On the weekend of Rehnquist's death, Bush was in full damage-control mode, and he did not hesitate on his decision for the court's new leader. He called Roberts at his home in Chevy Chase less than 12 hours after the news of Rehnquist's death became public, and asked him to come to the White House that afternoon. The next morning, he introduced Roberts as his nominee for chief justice -- just moments before he boarded Air Force One for another trip back to the ravaged Gulf Coast.
Now Bush had to find a replacement for O'Connor, and this time he told advisers that it would be a woman or a minority. He was getting pressure, including from the first lady, to nominate a woman. And as new White House lawyers were to quickly learn, the president indeed cared about diversity and demanded that the lists of nominees to federal posts or lower courts always include women and minorities.
But as one candidate after another fell off the roster -- some were too old, some too liberal, some too unpredictable -- White House counsel Harriet Miers edged her way onto it. The Miers story -- how she became the nominee and then withdrew -- is a perfect storm of missteps and disconnect throughout the White House.
Bush's decision to nominate Miers was driven by his determination not to repeat his father's mistake with Souter. Of all the possible nominees, he knew Miers best, and he knew she would not change. She had been involved in the selection of Roberts; in fact, Miers had originally worried that he wasn't conservative enough. Bush was confident that she wouldn't disappoint.

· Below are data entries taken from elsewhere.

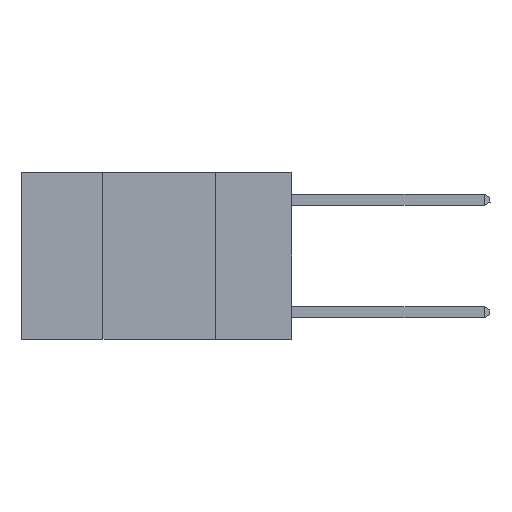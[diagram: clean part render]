
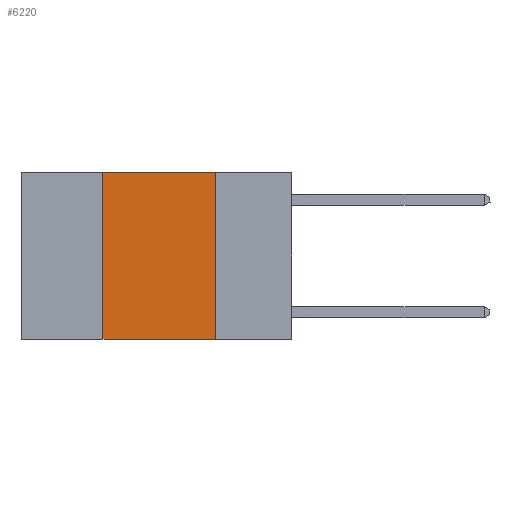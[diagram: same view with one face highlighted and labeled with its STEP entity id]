
A CAD part, left-side view. The second image highlights one B-rep face of the part: STEP entity #6220.
In plain terms, the highlighted planar face has unit normal (-1, 0, 0).
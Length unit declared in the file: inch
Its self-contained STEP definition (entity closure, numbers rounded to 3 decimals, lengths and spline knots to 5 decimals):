
#850 = CARTESIAN_POINT ( 'NONE',  ( 0., 0.42, 0. ) ) ;
#1628 = PLANE ( 'NONE',  #10643 ) ;
#3525 = DIRECTION ( 'NONE',  ( 1., 0., 0. ) ) ;
#3612 = EDGE_CURVE ( 'NONE', #20681, #6691, #21183, .T. ) ;
#4408 = VECTOR ( 'NONE', #5155, 39.37008 ) ;
#5155 = DIRECTION ( 'NONE',  ( 0., -1., 0. ) ) ;
#6220 = ADVANCED_FACE ( 'NONE', ( #11664 ), #1628, .F. ) ;
#6691 = VERTEX_POINT ( 'NONE', #23299 ) ;
#7673 = VECTOR ( 'NONE', #13079, 39.37008 ) ;
#8296 = LINE ( 'NONE', #850, #22378 ) ;
#10492 = ORIENTED_EDGE ( 'NONE', *, *, #16670, .F. ) ;
#10643 = AXIS2_PLACEMENT_3D ( 'NONE', #14814, #3525, #16667 ) ;
#10718 = ORIENTED_EDGE ( 'NONE', *, *, #16621, .F. ) ;
#11192 = CARTESIAN_POINT ( 'NONE',  ( 0., 0.17, 0. ) ) ;
#11664 = FACE_OUTER_BOUND ( 'NONE', #18259, .T. ) ;
#11716 = ORIENTED_EDGE ( 'NONE', *, *, #19122, .F. ) ;
#12960 = VERTEX_POINT ( 'NONE', #16072 ) ;
#13079 = DIRECTION ( 'NONE',  ( 0., 0., -1. ) ) ;
#13801 = LINE ( 'NONE', #18182, #4408 ) ;
#14041 = ORIENTED_EDGE ( 'NONE', *, *, #3612, .T. ) ;
#14218 = CARTESIAN_POINT ( 'NONE',  ( 0., 0.17, 0. ) ) ;
#14814 = CARTESIAN_POINT ( 'NONE',  ( 0., 0.6, 0. ) ) ;
#14921 = CARTESIAN_POINT ( 'NONE',  ( 0., 0.6, -0.37 ) ) ;
#16072 = CARTESIAN_POINT ( 'NONE',  ( 0., 0.42, 0. ) ) ;
#16621 = EDGE_CURVE ( 'NONE', #12960, #19169, #13801, .T. ) ;
#16667 = DIRECTION ( 'NONE',  ( 0., 0., -1. ) ) ;
#16670 = EDGE_CURVE ( 'NONE', #19169, #6691, #17580, .T. ) ;
#17580 = LINE ( 'NONE', #11192, #7673 ) ;
#17684 = DIRECTION ( 'NONE',  ( 0., -1., 0. ) ) ;
#18182 = CARTESIAN_POINT ( 'NONE',  ( 0., 0.6, 0. ) ) ;
#18259 = EDGE_LOOP ( 'NONE', ( #10492, #10718, #11716, #14041 ) ) ;
#19122 = EDGE_CURVE ( 'NONE', #20681, #12960, #8296, .T. ) ;
#19169 = VERTEX_POINT ( 'NONE', #14218 ) ;
#20681 = VERTEX_POINT ( 'NONE', #20895 ) ;
#20895 = CARTESIAN_POINT ( 'NONE',  ( 0., 0.42, -0.37 ) ) ;
#21183 = LINE ( 'NONE', #14921, #21739 ) ;
#21739 = VECTOR ( 'NONE', #17684, 39.37008 ) ;
#22378 = VECTOR ( 'NONE', #23160, 39.37008 ) ;
#23160 = DIRECTION ( 'NONE',  ( 0., 0., 1. ) ) ;
#23299 = CARTESIAN_POINT ( 'NONE',  ( 0., 0.17, -0.37 ) ) ;

Coincidentally, the opposition of conservative groups to Miers also was driven by the Souter nomination. To conservatives, Miers was an unproven and untested nominee, just as Souter had been. How could she stand up to the liberal intellectual heavyweights on the court, such as Stephen G. Breyer? Who could say she wouldn't change once Bush left town and headed back to Texas? Conservatives would not be fooled again.
Alito was waiting in the wings when Miers's nomination fell apart. Unlike Reagan, who appointed the more liberal Kennedy to the court in 1987 after his nominations of Robert H. Bork and Douglas H. Ginsburg went down in flames, Bush had no problem seeking another solid conservative. With a Republican majority in the Senate, he did not compromise. Alito was considered a solid conservative, though not combative like others, and he had hired liberal law clerks. Bush hoped that Alito, like Roberts, would prove effective in building coalitions.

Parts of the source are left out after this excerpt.